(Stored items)
┌──

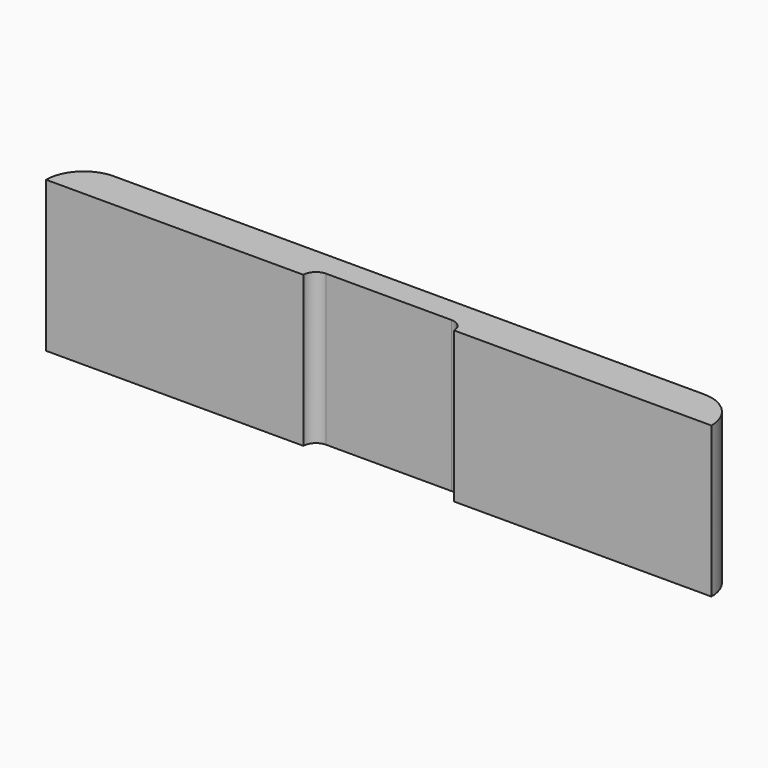
from build123d import *

# Parameters (mm, degrees)
F1_DEPTH = 12
F2_R     = 0.99999
F3_R     = 2.99999


# Not quite as in the source:
# - a fillet or chamfer is up to 0.001 mm smaller than in the source, because OpenCascade refuses the exact size


with BuildPart() as f1:
    # F0 (on Top) → F1 (new body)
    with BuildSketch(Plane.XY):
        Polygon((23.3803613689, 1.1605409955), (5.8803613689, 1.1605409955), (5.8803613689, -1.8394590045), (26.3803613689, -1.8394590045), (26.3803613689, -0.8394590045), (38.3803613689, -0.8394590045), (38.3803613689, -1.8394590045), (58.8803613689, -1.8394590045), (58.8803613689, 1.1605409955), (41.3803613689, 1.1605409955), align=None)
    extrude(amount=F1_DEPTH)

    # F2 (radius 1 in the source; OpenCascade refuses exactly that, so slightly less here)
    f2_edges = [f1.edges().sort_by_distance(p)[0] for p in [
        (38.380361, -0.839459, 6),
        (26.380361, -0.839459, 6),
    ]]
    fillet(f2_edges, radius=F2_R)

    # F3 (radius 3 in the source; OpenCascade refuses exactly that, so slightly less here)
    f3_edges = [f1.edges().sort_by_distance(p)[0] for p in [
        (5.880361, 1.160541, 6),
        (58.880361, 1.160541, 6),
    ]]
    fillet(f3_edges, radius=F3_R)


solid = f1.part

└──

**Task brief:**
What is needed is an exact copy of the data, with the pictures removed.

**Response:**
from build123d import *

# Parameters (mm, degrees)
F1_DEPTH = 12
F2_R     = 0.99999
F3_R     = 2.99999


# Not quite as in the source:
# - a fillet or chamfer is up to 0.001 mm smaller than in the source, because OpenCascade refuses the exact size


with BuildPart() as f1:
    # F0 (on Top) → F1 (new body)
    with BuildSketch(Plane.XY):
        Polygon((23.3803613689, 1.1605409955), (5.8803613689, 1.1605409955), (5.8803613689, -1.8394590045), (26.3803613689, -1.8394590045), (26.3803613689, -0.8394590045), (38.3803613689, -0.8394590045), (38.3803613689, -1.8394590045), (58.8803613689, -1.8394590045), (58.8803613689, 1.1605409955), (41.3803613689, 1.1605409955), align=None)
    extrude(amount=F1_DEPTH)

    # F2 (radius 1 in the source; OpenCascade refuses exactly that, so slightly less here)
    f2_edges = [f1.edges().sort_by_distance(p)[0] for p in [
        (38.380361, -0.839459, 6),
        (26.380361, -0.839459, 6),
    ]]
    fillet(f2_edges, radius=F2_R)

    # F3 (radius 3 in the source; OpenCascade refuses exactly that, so slightly less here)
    f3_edges = [f1.edges().sort_by_distance(p)[0] for p in [
        (5.880361, 1.160541, 6),
        (58.880361, 1.160541, 6),
    ]]
    fillet(f3_edges, radius=F3_R)


solid = f1.part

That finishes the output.